Tatsächlich arbeitet Frau Kühr vom nächsten Kapitel an erfreulich quellennah. Das kann auch Herr McInerney nicht bestreiten, und so sucht er seine Zuflucht bei einem vermeintlichen Defizit, nämlich der Vernachlässigung eines angeblich wichtigen Zeugnisses. Es ist immer gut, wenn man Quellen nennen kann, man muss sie aber auch richtig zitieren (FHG II 254-264 ist eine entschieden zu ungenaue Angabe) und vor allen Dingen gründlich gelesen haben; dann ergibt sich nämlich, dass Herakleides Kritikos für das in Kapitel III behandelte Thema gar nichts hergibt: Bei ihm geht es einzig darum, dass Oropier und Plataier zwar Boioter waren, sich aber eher als Athener fühlten. Das aber hat mit "Polis und Ethnos im Spiegel thebanischer Gründungsmythen" (so der vom Rezensenten nicht hinreichend beachtete Untertitel) rein gar nichts zu tun.

Im vierten Kapitel kann der Rezensent sachlich nichts beanstanden und muß sogar (zähneknirschend?) Zustimmung zur Deutung der literarischen Zeugnisse bekunden. Tatsächlich geht es in diesem Kapitel primär um diese, und die letzte zusammenfassende Aufarbeitung der thebanischen Topographie von 1985 hat daher weniger beweisenden als erläuternden Charakter. Wenn demgegenüber gefordert wird, dass neuere Grabungsergebnisse, die bekanntlich nur mit gewisser Verzögerung und nicht immer vollständig veröffentlicht werden, hätten zur Kenntnis genommen werden sollen, so wird die Zielsetzung auch des vierten (und mit Abstand längsten) Kapitels verkannt. Geradezu abstrus ist schließlich die Forderung, die Verfasserin hätte sich diesbezüglich in der Zeitung Kathimerini vom 11.11.2004 über die Grabungsergebnisse des Jahres 2004 informieren sollen. Die Kathimerini mag eine respektable Tageszeitung sein, aber welcher - zumal nichtarchäologische - Doktorand würde sich im Feuilletonteil der FAZ über neuere Grabungsergebnisse informieren?

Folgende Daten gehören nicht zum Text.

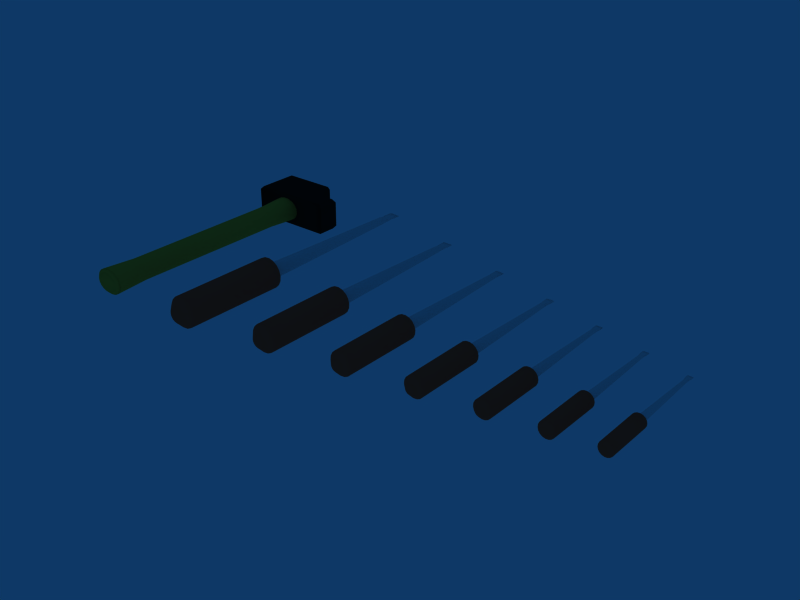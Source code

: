 # Source: Tools.blend  (saved by Blender 2.90.8; exported with 4.5.12 LTS)
import bpy
from mathutils import Matrix  # noqa: F401  (used for matrix-valued properties, if any)

bpy.ops.wm.read_factory_settings(use_empty=True)
scene = bpy.context.scene
scene.name = 'Scene'

# ---- collections
col_collection_1 = bpy.data.collections.new('Collection 1'); scene.collection.children.link(col_collection_1)

# ---- materials (node trees are filled in below, after node groups)
mat_material_001 = bpy.data.materials.new('Material.001')
mat_material_001.alpha_threshold = 0.0
mat_material_001.diffuse_color = (0.07678, 0.07672, 0.07672, 1.0)
mat_material_001.roughness = 0.5
mat_material_001.line_color = (0.0, 0.0, 0.0, 1.0)
mat_material_004 = bpy.data.materials.new('Material.004')
mat_material_004.alpha_threshold = 0.0
mat_material_004.diffuse_color = (0.8898, 0.6722, 0.1989, 1.0)
mat_material_004.roughness = 0.5
mat_material_004.line_color = (0.0, 0.0, 0.0, 1.0)
mat_material = bpy.data.materials.new('Material')
mat_material.alpha_threshold = 0.0
mat_material.diffuse_color = (0.8618, 0.8618, 0.8618, 1.0)
mat_material.roughness = 0.5
mat_material.specular_intensity = 0.8608
mat_material.line_color = (0.0, 0.0, 0.0, 1.0)
mat_material_002 = bpy.data.materials.new('Material.002')
mat_material_002.alpha_threshold = 0.0
mat_material_002.diffuse_color = (1.0, 0.3037, 0.2049, 1.0)
mat_material_002.roughness = 0.5
mat_material_002.line_color = (0.0, 0.0, 0.0, 1.0)

# ---- material node trees

# ---- world
world_world = bpy.data.worlds.new('World'); scene.world = world_world
world_world.color = (0.05656, 0.2208, 0.4)
world_world.use_sun_shadow = False
world_world.sun_shadow_jitter_overblur = 0.0
world_world.cycles.sampling_method = 'MANUAL'
world_world.cycles.sample_map_resolution = 256

# ---- meshes
me_cylinder_002 = bpy.data.meshes.new('Cylinder.002')
me_cylinder_002.from_pydata([(2.851e-07, -1.407e-14, 1.0), (3.036e-07, 7.606e-09, -1.023), (0.4226, 0.9063, 1.0), (0.08715, 0.9962, 1.0), (-0.2588, 0.9659, 1.0), (-0.5736, 0.8192, 1.0), (-0.8192, 0.5736, 1.0), (-0.9659, 0.2588, 1.0), (-0.9962, -0.08716, 1.0), (-0.9063, -0.4226, 1.0), (-0.7071, -0.7071, 1.0), (-0.4226, -0.9063, 1.0), (-0.08715, -0.9962, 1.0), (0.2588, -0.9659, 1.0), (0.5736, -0.8192, 1.0), (0.8192, -0.5736, 1.0), (0.9659, -0.2588, 1.0), (0.9962, 0.08716, 1.0), (0.9063, 0.4226, 1.0), (0.7071, 0.7071, 1.0), (0.4226, 0.9063, -1.0), (0.08716, 0.9962, -1.0), (-0.2588, 0.9659, -1.0), (-0.5736, 0.8192, -1.0), (-0.8192, 0.5736, -1.0), (-0.9659, 0.2588, -1.0), (-0.9962, -0.08716, -1.0), (-0.9063, -0.4226, -1.0), (-0.7071, -0.7071, -1.0), (-0.4226, -0.9063, -1.0), (-0.08716, -0.9962, -1.0), (0.2588, -0.9659, -1.0), (0.5736, -0.8192, -1.0), (0.8192, -0.5736, -1.0), (0.9659, -0.2588, -1.0), (0.9962, 0.08716, -1.0), (0.9063, 0.4226, -1.0), (0.7071, 0.7071, -1.0), (0.3571, 0.7658, 0.7094), (0.3571, 0.7658, -0.7094), (0.07364, 0.8417, 0.7094), (0.07364, 0.8417, -0.7094), (-0.2187, 0.8161, 0.7094), (-0.2187, 0.8161, -0.7094), (-0.4846, 0.6921, 0.7094), (-0.4846, 0.6921, -0.7094), (-0.6921, 0.4846, 0.7094), (-0.6921, 0.4846, -0.7094), (-0.8161, 0.2187, 0.7094), (-0.8161, 0.2187, -0.7094), (-0.8417, -0.07364, 0.7094), (-0.8417, -0.07364, -0.7094), (-0.7658, -0.3571, 0.7094), (-0.7658, -0.3571, -0.7094), (-0.5974, -0.5974, 0.7094), (-0.5974, -0.5974, -0.7094), (-0.3571, -0.7658, 0.7094), (-0.3571, -0.7658, -0.7094), (-0.07364, -0.8417, 0.7094), (-0.07364, -0.8417, -0.7094), (0.2187, -0.8161, 0.7094), (0.2187, -0.8161, -0.7094), (0.4846, -0.6921, 0.7094), (0.4846, -0.6921, -0.7094), (0.6921, -0.4846, 0.7094), (0.6921, -0.4846, -0.7094), (0.8161, -0.2187, 0.7094), (0.8161, -0.2187, -0.7094), (0.8417, 0.07364, 0.7094), (0.8417, 0.07364, -0.7094), (0.5974, 0.5974, 0.7094), (0.5974, 0.5974, -0.7094), (0.7658, 0.3571, 0.7094), (0.7658, 0.3571, -0.7094), (0.3301, 0.7078, -1.023), (0.06807, 0.778, -1.023), (-0.2021, 0.7544, -1.023), (-0.448, 0.6397, -1.023), (-0.6397, 0.448, -1.023), (-0.7544, 0.2021, -1.023), (-0.778, -0.06807, -1.023), (-0.7078, -0.3301, -1.023), (-0.5522, -0.5522, -1.023), (-0.3301, -0.7078, -1.023), (-0.06807, -0.778, -1.023), (0.2021, -0.7544, -1.023), (0.448, -0.6397, -1.023), (0.6397, -0.448, -1.023), (0.7544, -0.2021, -1.023), (0.778, 0.06807, -1.023), (0.7078, 0.3301, -1.023), (0.5522, 0.5522, -1.023), (1.252, 1.303, 1.339), (2.138, 1.303, 0.9787), (-2.116, 1.303, 0.9787), (-2.116, 1.303, 1.339), (1.252, -1.303, 1.339), (2.138, -1.303, 0.9787), (-2.116, -1.303, 0.9787), (-2.116, -1.303, 1.339), (2.138, 1.303, 1.143), (-2.116, 1.303, 1.159), (2.138, -1.303, 1.143), (-2.116, -1.303, 1.159), (2.955, 1.303, 1.143), (2.955, -1.303, 1.143), (2.955, -1.303, 0.9787), (2.955, 1.303, 0.9787), (2.26, 1.029, 0.9659), (2.26, -1.029, 0.9659), (1.302, 1.029, 1.356), (1.302, -1.029, 1.356), (-2.34, 1.029, 0.9659), (-2.34, -1.029, 0.9659), (-2.34, 1.029, 1.356), (-2.34, -1.029, 1.356), (2.26, 1.029, 1.161), (2.26, -1.029, 1.161), (-2.34, 1.029, 1.161), (-2.34, -1.029, 1.161), (3.144, -1.029, 1.161), (3.144, 1.029, 1.161), (3.144, -1.029, 0.9659), (3.144, 1.029, 0.9659)], [], [(0, 19, 2), (0, 2, 3), (0, 3, 4), (0, 4, 5), (0, 5, 6), (0, 6, 7), (0, 7, 8), (0, 8, 9), (0, 9, 10), (0, 10, 11), (0, 11, 12), (0, 12, 13), (0, 13, 14), (0, 14, 15), (0, 15, 16), (0, 16, 17), (0, 17, 18), (0, 18, 19), (19, 70, 38, 2), (70, 71, 39, 38), (71, 37, 20, 39), (21, 41, 39, 20), (41, 40, 38, 39), (40, 3, 2, 38), (22, 43, 41, 21), (43, 42, 40, 41), (42, 4, 3, 40), (23, 45, 43, 22), (45, 44, 42, 43), (44, 5, 4, 42), (24, 47, 45, 23), (47, 46, 44, 45), (46, 6, 5, 44), (25, 49, 47, 24), (49, 48, 46, 47), (48, 7, 6, 46), (26, 51, 49, 25), (51, 50, 48, 49), (50, 8, 7, 48), (27, 53, 51, 26), (53, 52, 50, 51), (52, 9, 8, 50), (28, 55, 53, 27), (55, 54, 52, 53), (54, 10, 9, 52), (29, 57, 55, 28), (57, 56, 54, 55), (56, 11, 10, 54), (30, 59, 57, 29), (59, 58, 56, 57), (58, 12, 11, 56), (31, 61, 59, 30), (61, 60, 58, 59), (60, 13, 12, 58), (32, 63, 61, 31), (63, 62, 60, 61), (62, 14, 13, 60), (33, 65, 63, 32), (65, 64, 62, 63), (64, 15, 14, 62), (34, 67, 65, 33), (67, 66, 64, 65), (66, 16, 15, 64), (35, 69, 67, 34), (69, 68, 66, 67), (68, 17, 16, 66), (36, 73, 69, 35), (73, 72, 68, 69), (72, 18, 17, 68), (37, 71, 73, 36), (71, 70, 72, 73), (70, 19, 18, 72), (91, 1, 74), (37, 91, 74, 20), (74, 1, 75), (20, 74, 75, 21), (75, 1, 76), (21, 75, 76, 22), (76, 1, 77), (22, 76, 77, 23), (77, 1, 78), (23, 77, 78, 24), (78, 1, 79), (24, 78, 79, 25), (79, 1, 80), (25, 79, 80, 26), (80, 1, 81), (26, 80, 81, 27), (81, 1, 82), (27, 81, 82, 28), (82, 1, 83), (28, 82, 83, 29), (83, 1, 84), (29, 83, 84, 30), (84, 1, 85), (30, 84, 85, 31), (85, 1, 86), (31, 85, 86, 32), (86, 1, 87), (32, 86, 87, 33), (87, 1, 88), (33, 87, 88, 34), (88, 1, 89), (34, 88, 89, 35), (89, 1, 90), (35, 89, 90, 36), (90, 1, 91), (36, 90, 91, 37), (94, 101, 100, 93), (92, 100, 101, 95), (99, 103, 102, 96), (103, 98, 97, 102), (102, 97, 106, 105), (93, 100, 104, 107), (93, 108, 112, 94), (108, 109, 113, 112), (109, 97, 98, 113), (110, 92, 95, 114), (114, 115, 111, 110), (115, 99, 96, 111), (102, 117, 111, 96), (117, 116, 110, 111), (92, 110, 116, 100), (103, 119, 113, 98), (119, 118, 112, 113), (118, 101, 94, 112), (99, 115, 119, 103), (115, 114, 118, 119), (114, 95, 101, 118), (100, 116, 121, 104), (116, 117, 120, 121), (117, 102, 105, 120), (97, 109, 122, 106), (109, 108, 123, 122), (108, 93, 107, 123), (106, 122, 120, 105), (122, 123, 121, 120), (123, 107, 104, 121)])
me_cylinder_002.polygons.foreach_set('use_smooth', [True] * 138)
me_cylinder_002.polygons.foreach_set('material_index', [1, 1, 1, 1, 1, 1, 1, 1, 1, 1, 1, 1, 1, 1, 1, 1, 1, 1, 1, 1, 1, 1, 1, 1, 1, 1, 1, 1, 1, 1, 1, 1, 1, 1, 1, 1, 1, 1, 1, 1, 1, 1, 1, 1, 1, 1, 1, 1, 1, 1, 1, 1, 1, 1, 1, 1, 1, 1, 1, 1, 1, 1, 1, 1, 1, 1, 1, 1, 1, 1, 1, 1, 1, 1, 1, 1, 1, 1, 1, 1, 1, 1, 1, 1, 1, 1, 1, 1, 1, 1, 1, 1, 1, 1, 1, 1, 1, 1, 1, 1, 1, 1, 1, 1, 1, 1, 1, 1, 0, 0, 0, 0, 0, 0, 0, 0, 0, 0, 0, 0, 0, 0, 0, 0, 0, 0, 0, 0, 0, 0, 0, 0, 0, 0, 0, 0, 0, 0])
me_cylinder_002.materials.append(mat_material_001)
me_cylinder_002.materials.append(mat_material_004)
me_cylinder_002.use_remesh_preserve_volume = False
me_cylinder_002.use_remesh_preserve_attributes = False
me_cylinder_002.use_mirror_vertex_groups = False
me_cylinder_002.update()
me_cylinder = bpy.data.meshes.new('Cylinder')
me_cylinder.from_pydata([(0.02276, -0.4318, 0.04881), (0.004694, -0.4318, 0.05366), (-0.01394, -0.4318, 0.05203), (-0.03089, -0.4318, 0.04412), (-0.04412, -0.4318, 0.03089), (-0.05203, -0.4318, 0.01394), (-0.05366, -0.4318, -0.004694), (-0.04881, -0.4318, -0.02276), (-0.03809, -0.4318, -0.03809), (-0.02276, -0.4318, -0.04881), (-0.004694, -0.4318, -0.05366), (0.01394, -0.4318, -0.05203), (0.03089, -0.4318, -0.04412), (0.04412, -0.4318, -0.03089), (0.05203, -0.4318, -0.01394), (0.05366, -0.4318, 0.004694), (0.04881, -0.4318, 0.02276), (0.03809, -0.4318, 0.03809), (0.02276, 0.3783, 0.04881), (0.004694, 0.3783, 0.05366), (-0.01394, 0.3783, 0.05203), (-0.03089, 0.3783, 0.04412), (-0.04412, 0.3783, 0.03089), (-0.05203, 0.3783, 0.01394), (-0.05366, 0.3783, -0.004694), (-0.04881, 0.3783, -0.02276), (-0.03809, 0.3783, -0.03809), (-0.02276, 0.3783, -0.04881), (-0.004694, 0.3783, -0.05366), (0.01394, 0.3783, -0.05203), (0.03089, 0.3783, -0.04412), (0.04412, 0.3783, -0.03089), (0.05203, 0.3783, -0.01394), (0.05366, 0.3783, 0.004694), (0.04881, 0.3783, 0.02276), (0.03809, 0.3783, 0.03809), (-1.703e-08, -0.4318, 2.856e-08), (0.04553, -0.3783, 0.09763), (0.009388, -0.3783, 0.1073), (-0.02788, -0.3783, 0.1041), (-0.06179, -0.3783, 0.08824), (-0.08824, -0.3783, 0.06179), (-0.1041, -0.3783, 0.02788), (-0.1073, -0.3783, -0.009389), (-0.09763, -0.3783, -0.04553), (-0.07617, -0.3783, -0.07617), (-0.04553, -0.3783, -0.09763), (-0.009389, -0.3783, -0.1073), (0.02788, -0.3783, -0.1041), (0.06179, -0.3783, -0.08824), (0.08824, -0.3783, -0.06179), (0.1041, -0.3783, -0.02788), (0.1073, -0.3783, 0.009389), (0.09763, -0.3783, 0.04553), (0.07617, -0.3783, 0.07617), (0.04553, 0.35, 0.09763), (0.009389, 0.35, 0.1073), (-0.02788, 0.35, 0.1041), (-0.06179, 0.35, 0.08824), (-0.08824, 0.35, 0.06179), (-0.1041, 0.35, 0.02788), (-0.1073, 0.35, -0.009389), (-0.09763, 0.35, -0.04553), (-0.07617, 0.35, -0.07617), (-0.04553, 0.35, -0.09763), (-0.009389, 0.35, -0.1073), (0.02788, 0.35, -0.1041), (0.06179, 0.35, -0.08824), (0.08824, 0.35, -0.06179), (0.1041, 0.35, -0.02788), (0.1073, 0.35, 0.009389), (0.09763, 0.35, 0.04553), (0.07617, 0.35, 0.07617), (0.03809, 0.3783, 0.03809), (0.04881, 0.3783, 0.02276), (0.05366, 0.3783, 0.004694), (0.05203, 0.3783, -0.01394), (0.04412, 0.3783, -0.03089), (0.03089, 0.3783, -0.04412), (0.01394, 0.3783, -0.05203), (-0.004694, 0.3783, -0.05366), (-0.02276, 0.3783, -0.04881), (-0.03809, 0.3783, -0.03809), (-0.04881, 0.3783, -0.02276), (-0.05366, 0.3783, -0.004694), (-0.05203, 0.3783, 0.01394), (-0.04412, 0.3783, 0.03089), (-0.03089, 0.3783, 0.04412), (-0.01394, 0.3783, 0.05203), (0.004694, 0.3783, 0.05366), (0.02276, 0.3783, 0.04881), (0.0188, 1.478, 0.0188), (0.01124, 1.478, 0.0241), (0.002317, 1.478, 0.02649), (-0.006882, 1.478, 0.02568), (-0.01525, 1.478, 0.02178), (-0.02178, 1.478, 0.01525), (-0.02568, 1.478, 0.006882), (-0.02649, 1.478, -0.002318), (-0.0241, 1.478, -0.01124), (-0.0188, 1.478, -0.0188), (-0.01124, 1.478, -0.0241), (-0.002317, 1.478, -0.02649), (0.006882, 1.478, -0.02568), (0.01525, 1.478, -0.02178), (0.02178, 1.478, -0.01525), (0.02568, 1.478, -0.006882), (0.02649, 1.478, 0.002317), (0.0241, 1.478, 0.01124), (0.03788, 1.578, 0.001628), (0.02956, 1.578, 0.002724), (0.04164, 1.578, 0.0003357), (0.04037, 1.578, -0.0009974), (0.03424, 1.578, -0.00221), (0.02397, 1.578, -0.003156), (0.01082, 1.578, -0.003722), (-0.003643, 1.578, -0.003839), (-0.01766, 1.578, -0.003492), (-0.02956, 1.578, -0.002725), (-0.03788, 1.578, -0.001629), (-0.04164, 1.578, -0.0003359), (-0.04037, 1.578, 0.0009971), (-0.03424, 1.578, 0.00221), (-0.02397, 1.578, 0.003156), (-0.01082, 1.578, 0.003722), (0.003643, 1.578, 0.003838), (0.01766, 1.578, 0.003492), (0.02956, 1.628, 0.002724), (0.01766, 1.628, 0.003492), (0.003643, 1.628, 0.003838), (-0.01082, 1.628, 0.003722), (-0.02397, 1.628, 0.003156), (-0.03424, 1.628, 0.00221), (-0.04037, 1.628, 0.0009971), (-0.04164, 1.628, -0.0003359), (-0.03788, 1.628, -0.001629), (-0.02956, 1.628, -0.002725), (-0.01766, 1.628, -0.003492), (-0.003643, 1.628, -0.003839), (0.01082, 1.628, -0.003722), (0.02397, 1.628, -0.003156), (0.03424, 1.628, -0.00221), (0.04037, 1.628, -0.0009974), (0.04164, 1.628, 0.0003357), (0.03788, 1.628, 0.001628), (-9.953e-10, 1.628, -1.262e-07)], [], [(37, 0, 17, 54), (0, 36, 17), (0, 37, 38, 1), (36, 0, 1), (39, 2, 1, 38), (2, 36, 1), (40, 3, 2, 39), (3, 36, 2), (41, 4, 3, 40), (4, 36, 3), (42, 5, 4, 41), (5, 36, 4), (43, 6, 5, 42), (6, 36, 5), (44, 7, 6, 43), (7, 36, 6), (45, 8, 7, 44), (8, 36, 7), (46, 9, 8, 45), (9, 36, 8), (47, 10, 9, 46), (10, 36, 9), (48, 11, 10, 47), (11, 36, 10), (49, 12, 11, 48), (12, 36, 11), (50, 13, 12, 49), (13, 36, 12), (51, 14, 13, 50), (14, 36, 13), (52, 15, 14, 51), (15, 36, 14), (53, 16, 15, 52), (16, 36, 15), (54, 17, 16, 53), (17, 36, 16), (72, 35, 18, 55), (55, 18, 19, 56), (56, 19, 20, 57), (57, 20, 21, 58), (58, 21, 22, 59), (59, 22, 23, 60), (60, 23, 24, 61), (61, 24, 25, 62), (62, 25, 26, 63), (63, 26, 27, 64), (64, 27, 28, 65), (65, 28, 29, 66), (66, 29, 30, 67), (67, 30, 31, 68), (68, 31, 32, 69), (69, 32, 33, 70), (70, 33, 34, 71), (35, 72, 71, 34), (54, 72, 55, 37), (56, 38, 37, 55), (57, 39, 38, 56), (58, 40, 39, 57), (59, 41, 40, 58), (60, 42, 41, 59), (61, 43, 42, 60), (62, 44, 43, 61), (63, 45, 44, 62), (64, 46, 45, 63), (65, 47, 46, 64), (66, 48, 47, 65), (67, 49, 48, 66), (68, 50, 49, 67), (69, 51, 50, 68), (70, 52, 51, 69), (71, 53, 52, 70), (72, 54, 53, 71), (90, 73, 91, 92), (89, 90, 92, 93), (88, 89, 93, 94), (87, 88, 94, 95), (86, 87, 95, 96), (85, 86, 96, 97), (84, 85, 97, 98), (83, 84, 98, 99), (82, 83, 99, 100), (81, 82, 100, 101), (80, 81, 101, 102), (79, 80, 102, 103), (78, 79, 103, 104), (77, 78, 104, 105), (76, 77, 105, 106), (75, 76, 106, 107), (74, 75, 107, 108), (73, 74, 108, 91), (91, 108, 109, 110), (108, 107, 111, 109), (107, 106, 112, 111), (106, 105, 113, 112), (105, 104, 114, 113), (104, 103, 115, 114), (103, 102, 116, 115), (102, 101, 117, 116), (101, 100, 118, 117), (100, 99, 119, 118), (99, 98, 120, 119), (98, 97, 121, 120), (97, 96, 122, 121), (96, 95, 123, 122), (95, 94, 124, 123), (94, 93, 125, 124), (93, 92, 126, 125), (92, 91, 110, 126), (126, 110, 127, 128), (125, 126, 128, 129), (124, 125, 129, 130), (123, 124, 130, 131), (122, 123, 131, 132), (121, 122, 132, 133), (120, 121, 133, 134), (119, 120, 134, 135), (118, 119, 135, 136), (117, 118, 136, 137), (116, 117, 137, 138), (115, 116, 138, 139), (114, 115, 139, 140), (113, 114, 140, 141), (112, 113, 141, 142), (111, 112, 142, 143), (109, 111, 143, 144), (110, 109, 144, 127), (127, 145, 128), (128, 145, 129), (129, 145, 130), (130, 145, 131), (131, 145, 132), (132, 145, 133), (133, 145, 134), (134, 145, 135), (135, 145, 136), (136, 145, 137), (137, 145, 138), (138, 145, 139), (139, 145, 140), (140, 145, 141), (141, 145, 142), (142, 145, 143), (143, 145, 144), (144, 145, 127)])
me_cylinder.polygons.foreach_set('use_smooth', [True] * 144)
me_cylinder.polygons.foreach_set('material_index', [1, 1, 1, 1, 1, 1, 1, 1, 1, 1, 1, 1, 1, 1, 1, 1, 1, 1, 1, 1, 1, 1, 1, 1, 1, 1, 1, 1, 1, 1, 1, 1, 1, 1, 1, 1, 1, 1, 1, 1, 1, 1, 1, 1, 1, 1, 1, 1, 1, 1, 1, 1, 1, 1, 1, 1, 1, 1, 1, 1, 1, 1, 1, 1, 1, 1, 1, 1, 1, 1, 1, 1, 0, 0, 0, 0, 0, 0, 0, 0, 0, 0, 0, 0, 0, 0, 0, 0, 0, 0, 0, 0, 0, 0, 0, 0, 0, 0, 0, 0, 0, 0, 0, 0, 0, 0, 0, 0, 0, 0, 0, 0, 0, 0, 0, 0, 0, 0, 0, 0, 0, 0, 0, 0, 0, 0, 0, 0, 0, 0, 0, 0, 0, 0, 0, 0, 0, 0, 0, 0, 0, 0, 0, 0])
me_cylinder.materials.append(mat_material)
me_cylinder.materials.append(mat_material_002)
me_cylinder.use_remesh_preserve_volume = False
me_cylinder.use_remesh_preserve_attributes = False
me_cylinder.use_mirror_vertex_groups = False
me_cylinder.update()

# ---- objects
ob_marteau = bpy.data.objects.new('Marteau', me_cylinder_002)
ob_tournevis = bpy.data.objects.new('Tournevis', me_cylinder)
ob_empty = bpy.data.objects.new('Empty', None)

# ---- transforms, parenting, visibility, modifiers, constraints
ob_marteau.location = (-0.04819, -0.1747, 0.0)
ob_marteau.rotation_euler = (-1.571, -0.0, 0.0)
ob_marteau.scale = (0.1128, 0.08894, 0.8162)
ob_marteau.lock_rotations_4d = False
ob_marteau.empty_display_type = 'ARROWS'
ob_marteau.color = (0.0, 0.0, 0.0, 1.0)
ob_marteau.lineart.crease_threshold = 0.0
ob_tournevis.location = (0.6456, -0.5902, 0.0)
ob_tournevis.lock_rotations_4d = False
ob_tournevis.empty_display_type = 'ARROWS'
ob_tournevis.color = (0.0, 0.0, 0.0, 1.0)
ob_tournevis.lineart.crease_threshold = 0.0
_m = ob_tournevis.modifiers.new('Array', 'ARRAY')
_m.count = 7
_m.constant_offset_displace = (0.0, 0.0, 0.0)
_m.use_relative_offset = False
_m.use_object_offset = True
_m.offset_object = ob_empty
ob_empty.location = (1.264, -0.55, 0.0)
ob_empty.scale = (0.8759, 0.8759, 0.8759)
ob_empty.lineart.crease_threshold = 0.0

# ---- collection membership
col_collection_1.objects.link(ob_marteau)
col_collection_1.objects.link(ob_tournevis)
col_collection_1.objects.link(ob_empty)

# ---- scene / render settings (as saved in the file)
scene.frame_start = 1; scene.frame_end = 250; scene.frame_set(1)
scene.render.engine = 'BLENDER_EEVEE_NEXT'
scene.render.image_settings.file_format = 'JPEG'
scene.render.image_settings.color_mode = 'RGB'
scene.render.image_settings.compression = 90
scene.render.resolution_x = 800
scene.render.resolution_y = 600
scene.render.pixel_aspect_x = 100.0
scene.render.pixel_aspect_y = 100.0
scene.render.fps = 25
scene.render.dither_intensity = 0.0
scene.render.use_compositing = False
scene.render.use_sequencer = False
scene.render.bake_margin = 2
scene.render.bake_bias = 0.0
scene.render.use_stamp_time = False
scene.render.use_stamp_date = False
scene.render.use_stamp_frame = False
scene.render.use_stamp_camera = False
scene.render.use_stamp_scene = False
scene.render.use_stamp_filename = False
scene.render.use_stamp_render_time = False
scene.render.stamp_font_size = 0
scene.cycles.use_denoising = False
scene.cycles.samples = 10
scene.cycles.sampling_pattern = 'TABULATED_SOBOL'
scene.cycles.light_sampling_threshold = 0.0
scene.cycles.use_adaptive_sampling = False
scene.cycles.use_light_tree = False
scene.cycles.blur_glossy = 0.0
scene.cycles.volume_bounces = 1
scene.cycles.pixel_filter_type = 'GAUSSIAN'
scene.cycles.sample_clamp_indirect = 0.0
scene.view_settings.view_transform = 'Raw'
bpy.context.view_layer.update()

# ---- added for rendering (the .blend has no active camera): camera
cam_auto = bpy.data.cameras.new('AutoCamera')
cam_auto.lens = 50.0
cam_auto.sensor_width = 36.0
cam_auto.clip_end = 1000.0
ob_auto_camera = bpy.data.objects.new('AutoCamera', cam_auto)
scene.collection.objects.link(ob_auto_camera)
ob_auto_camera.location = (5.51375, -4.73928, 3.16487)
ob_auto_camera.rotation_euler = (1.09748, -7.21219e-08, 0.694738)
scene.camera = ob_auto_camera
bpy.context.view_layer.update()

Nach diesen Richtigstellungen dürfte es kaum noch nötig sein, sich mit dem gegenüber dem fünften Kapitel erhobenen Vorwurf, dass "the archaeology is less well handled", auseinanderzusetzen, beruht er doch auf demselben durchgehenden und grundsätzlichen Mißverständnis bzw. der fehlenden Erkenntnis, dass es sich nicht um eine archäologische oder gar geographische, sondern um eine philologisch-historische Untersuchung handelt, und wer mit dieser Erwartung an das Buch herangeht, wird bei der Lektüre reich belohnt werden.